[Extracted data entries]
————————
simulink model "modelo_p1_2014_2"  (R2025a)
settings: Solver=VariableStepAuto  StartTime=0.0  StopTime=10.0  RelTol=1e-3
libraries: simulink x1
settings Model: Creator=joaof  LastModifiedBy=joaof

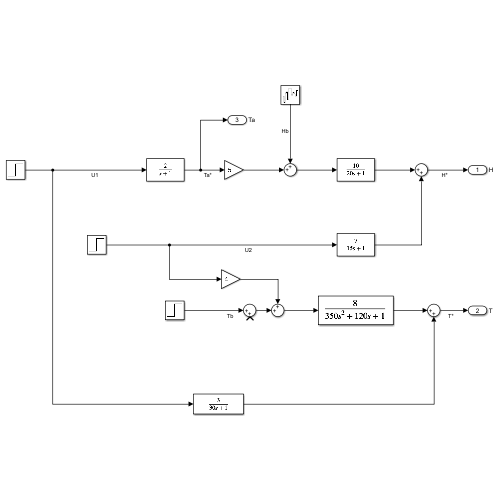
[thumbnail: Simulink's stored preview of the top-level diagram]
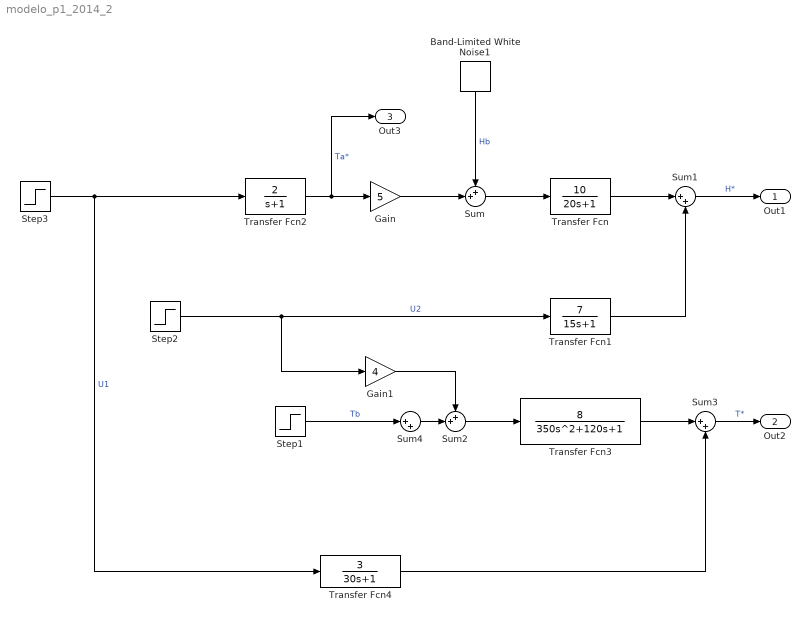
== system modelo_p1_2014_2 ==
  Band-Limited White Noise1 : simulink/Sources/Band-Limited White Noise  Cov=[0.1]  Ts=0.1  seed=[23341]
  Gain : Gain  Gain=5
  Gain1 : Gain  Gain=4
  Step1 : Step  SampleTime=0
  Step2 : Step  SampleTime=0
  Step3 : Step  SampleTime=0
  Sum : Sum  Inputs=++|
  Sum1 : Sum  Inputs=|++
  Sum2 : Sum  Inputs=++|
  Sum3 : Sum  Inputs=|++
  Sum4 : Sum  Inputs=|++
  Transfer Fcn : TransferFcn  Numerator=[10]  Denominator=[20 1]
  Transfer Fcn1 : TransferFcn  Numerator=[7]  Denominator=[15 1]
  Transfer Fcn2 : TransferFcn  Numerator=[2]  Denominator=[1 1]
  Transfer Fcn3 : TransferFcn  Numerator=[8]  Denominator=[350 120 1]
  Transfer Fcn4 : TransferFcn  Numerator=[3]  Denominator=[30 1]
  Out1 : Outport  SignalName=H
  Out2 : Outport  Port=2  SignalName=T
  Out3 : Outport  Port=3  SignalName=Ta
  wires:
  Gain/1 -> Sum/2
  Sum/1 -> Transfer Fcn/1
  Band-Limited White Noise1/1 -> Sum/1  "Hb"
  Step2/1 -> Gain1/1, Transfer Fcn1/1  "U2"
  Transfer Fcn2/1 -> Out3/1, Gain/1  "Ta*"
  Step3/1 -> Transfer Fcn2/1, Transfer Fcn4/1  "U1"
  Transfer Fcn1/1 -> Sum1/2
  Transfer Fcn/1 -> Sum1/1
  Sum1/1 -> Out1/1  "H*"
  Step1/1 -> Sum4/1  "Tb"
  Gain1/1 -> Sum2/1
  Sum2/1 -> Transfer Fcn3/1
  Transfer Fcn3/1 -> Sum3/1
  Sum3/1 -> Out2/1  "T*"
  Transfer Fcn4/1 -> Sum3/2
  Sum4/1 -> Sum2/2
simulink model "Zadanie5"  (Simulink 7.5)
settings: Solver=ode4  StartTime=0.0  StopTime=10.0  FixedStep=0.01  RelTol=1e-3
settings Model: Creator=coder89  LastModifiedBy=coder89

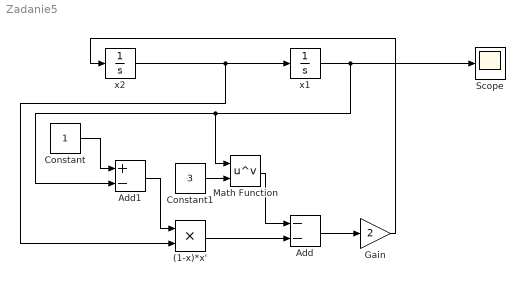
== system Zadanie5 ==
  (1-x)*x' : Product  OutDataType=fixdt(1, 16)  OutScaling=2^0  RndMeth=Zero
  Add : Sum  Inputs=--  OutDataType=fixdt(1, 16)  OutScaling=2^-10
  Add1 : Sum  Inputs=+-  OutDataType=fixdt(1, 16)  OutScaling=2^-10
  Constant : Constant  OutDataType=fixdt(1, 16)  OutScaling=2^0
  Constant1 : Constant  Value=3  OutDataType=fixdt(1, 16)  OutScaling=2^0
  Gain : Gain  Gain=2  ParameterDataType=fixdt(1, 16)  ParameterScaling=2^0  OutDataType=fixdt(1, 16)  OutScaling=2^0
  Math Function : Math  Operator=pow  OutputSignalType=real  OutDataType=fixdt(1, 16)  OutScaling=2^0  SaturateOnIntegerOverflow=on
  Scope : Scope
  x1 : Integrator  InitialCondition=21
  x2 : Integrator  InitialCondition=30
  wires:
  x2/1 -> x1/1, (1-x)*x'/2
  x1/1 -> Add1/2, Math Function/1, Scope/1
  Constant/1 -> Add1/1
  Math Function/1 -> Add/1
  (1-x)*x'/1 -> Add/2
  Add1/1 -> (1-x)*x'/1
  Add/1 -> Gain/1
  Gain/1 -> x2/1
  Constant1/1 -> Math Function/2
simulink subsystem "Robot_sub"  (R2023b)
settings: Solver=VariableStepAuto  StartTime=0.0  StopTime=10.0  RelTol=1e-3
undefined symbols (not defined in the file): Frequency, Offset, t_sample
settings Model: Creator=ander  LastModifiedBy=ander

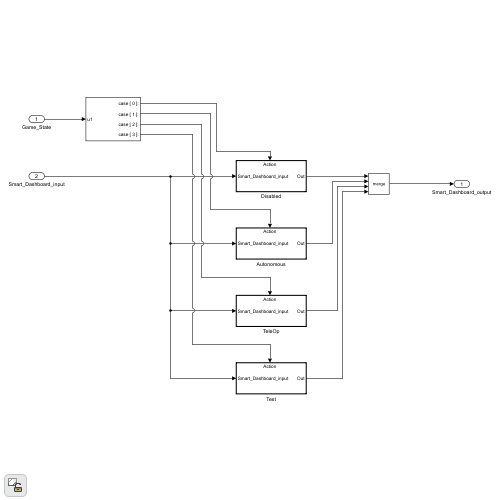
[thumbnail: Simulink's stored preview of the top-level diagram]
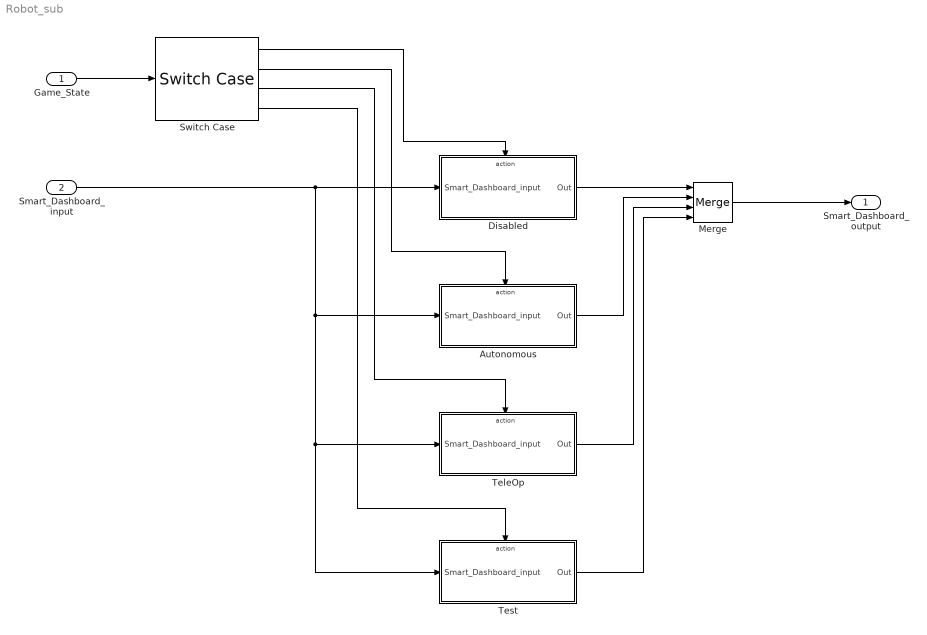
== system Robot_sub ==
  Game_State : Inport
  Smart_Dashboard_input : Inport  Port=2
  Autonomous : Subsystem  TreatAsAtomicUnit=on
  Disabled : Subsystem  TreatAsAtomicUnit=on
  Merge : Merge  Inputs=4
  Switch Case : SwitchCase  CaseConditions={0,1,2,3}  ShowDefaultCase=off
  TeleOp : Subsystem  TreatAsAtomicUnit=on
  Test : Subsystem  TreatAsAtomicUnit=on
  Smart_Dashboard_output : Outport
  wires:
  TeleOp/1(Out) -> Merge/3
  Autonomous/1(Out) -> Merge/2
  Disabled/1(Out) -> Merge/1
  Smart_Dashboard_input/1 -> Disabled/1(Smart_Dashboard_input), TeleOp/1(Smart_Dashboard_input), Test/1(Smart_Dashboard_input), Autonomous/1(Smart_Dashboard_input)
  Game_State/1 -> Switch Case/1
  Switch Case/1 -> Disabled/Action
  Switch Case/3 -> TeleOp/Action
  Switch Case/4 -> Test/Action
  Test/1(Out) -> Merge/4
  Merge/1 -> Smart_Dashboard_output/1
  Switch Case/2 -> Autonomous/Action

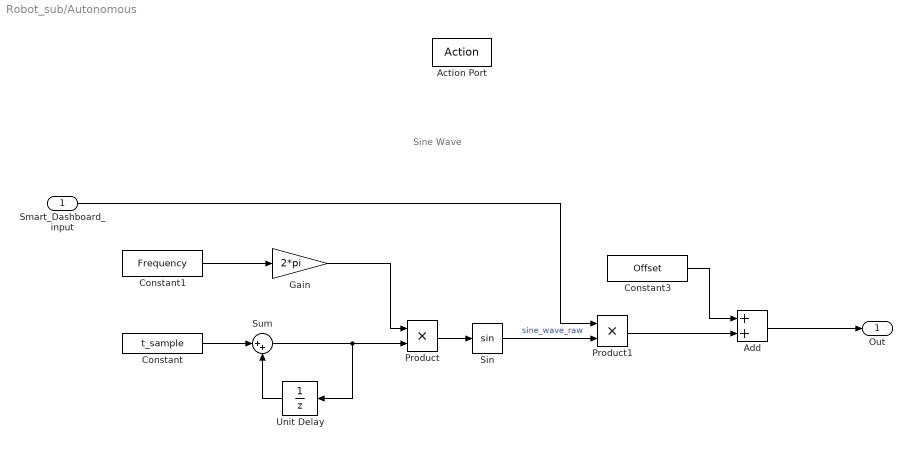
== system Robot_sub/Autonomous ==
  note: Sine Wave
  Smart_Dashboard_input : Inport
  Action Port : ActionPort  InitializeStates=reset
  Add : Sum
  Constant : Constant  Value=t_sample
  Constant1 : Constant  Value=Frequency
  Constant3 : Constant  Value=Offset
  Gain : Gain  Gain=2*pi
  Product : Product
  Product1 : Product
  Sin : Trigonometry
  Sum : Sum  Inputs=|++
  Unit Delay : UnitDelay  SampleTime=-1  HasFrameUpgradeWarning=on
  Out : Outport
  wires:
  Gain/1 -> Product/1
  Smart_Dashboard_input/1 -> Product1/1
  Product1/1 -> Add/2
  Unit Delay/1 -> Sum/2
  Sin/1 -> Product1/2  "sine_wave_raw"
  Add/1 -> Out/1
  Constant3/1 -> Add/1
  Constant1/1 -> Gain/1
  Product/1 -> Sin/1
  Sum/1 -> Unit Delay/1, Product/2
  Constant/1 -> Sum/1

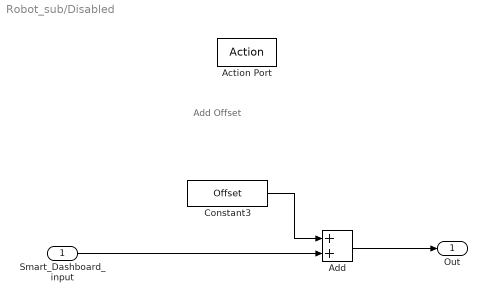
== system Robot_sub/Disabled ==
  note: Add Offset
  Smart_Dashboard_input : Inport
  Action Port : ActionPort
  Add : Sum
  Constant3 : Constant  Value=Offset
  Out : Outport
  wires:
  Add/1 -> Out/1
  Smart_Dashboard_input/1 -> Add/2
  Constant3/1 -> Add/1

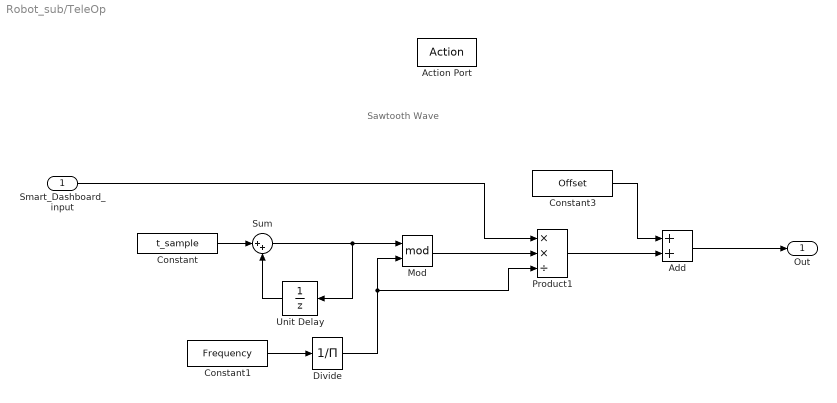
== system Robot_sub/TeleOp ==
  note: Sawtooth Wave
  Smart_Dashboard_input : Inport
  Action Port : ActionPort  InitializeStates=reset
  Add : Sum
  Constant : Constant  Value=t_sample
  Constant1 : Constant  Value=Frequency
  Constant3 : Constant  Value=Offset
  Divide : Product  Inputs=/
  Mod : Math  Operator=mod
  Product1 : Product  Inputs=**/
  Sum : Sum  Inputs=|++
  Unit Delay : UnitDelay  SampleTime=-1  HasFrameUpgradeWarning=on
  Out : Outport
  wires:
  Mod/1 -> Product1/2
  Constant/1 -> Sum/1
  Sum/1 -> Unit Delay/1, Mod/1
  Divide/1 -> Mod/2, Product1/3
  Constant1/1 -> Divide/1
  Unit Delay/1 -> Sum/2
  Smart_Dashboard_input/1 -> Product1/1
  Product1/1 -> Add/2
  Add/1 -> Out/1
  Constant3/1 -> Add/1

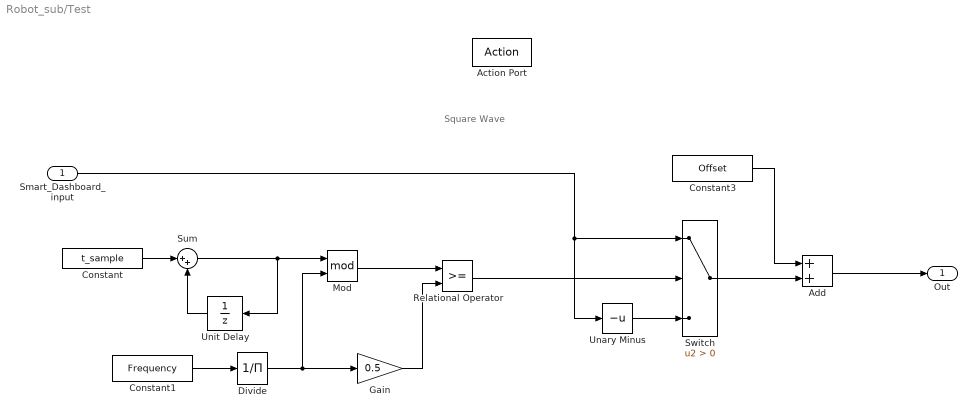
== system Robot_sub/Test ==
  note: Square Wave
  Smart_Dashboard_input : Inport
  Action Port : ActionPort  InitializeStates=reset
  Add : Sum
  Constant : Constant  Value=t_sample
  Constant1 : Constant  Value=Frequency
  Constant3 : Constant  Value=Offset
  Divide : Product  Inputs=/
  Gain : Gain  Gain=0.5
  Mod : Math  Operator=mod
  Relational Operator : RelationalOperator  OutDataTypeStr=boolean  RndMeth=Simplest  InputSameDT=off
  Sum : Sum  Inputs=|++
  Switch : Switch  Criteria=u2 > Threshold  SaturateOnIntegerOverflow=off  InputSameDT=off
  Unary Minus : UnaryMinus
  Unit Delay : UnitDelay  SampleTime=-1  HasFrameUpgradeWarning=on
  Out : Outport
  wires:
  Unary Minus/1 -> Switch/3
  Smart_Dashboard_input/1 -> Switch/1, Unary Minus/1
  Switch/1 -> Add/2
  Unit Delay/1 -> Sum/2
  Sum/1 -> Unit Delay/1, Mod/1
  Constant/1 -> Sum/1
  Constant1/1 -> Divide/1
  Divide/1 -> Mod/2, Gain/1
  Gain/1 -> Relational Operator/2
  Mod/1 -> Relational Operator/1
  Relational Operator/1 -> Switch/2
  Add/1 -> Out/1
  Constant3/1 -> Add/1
————————
- [Instructions to follow]:
From the data, report how many lines hold "Band", leaving out any other words.

- [Task solution]:
2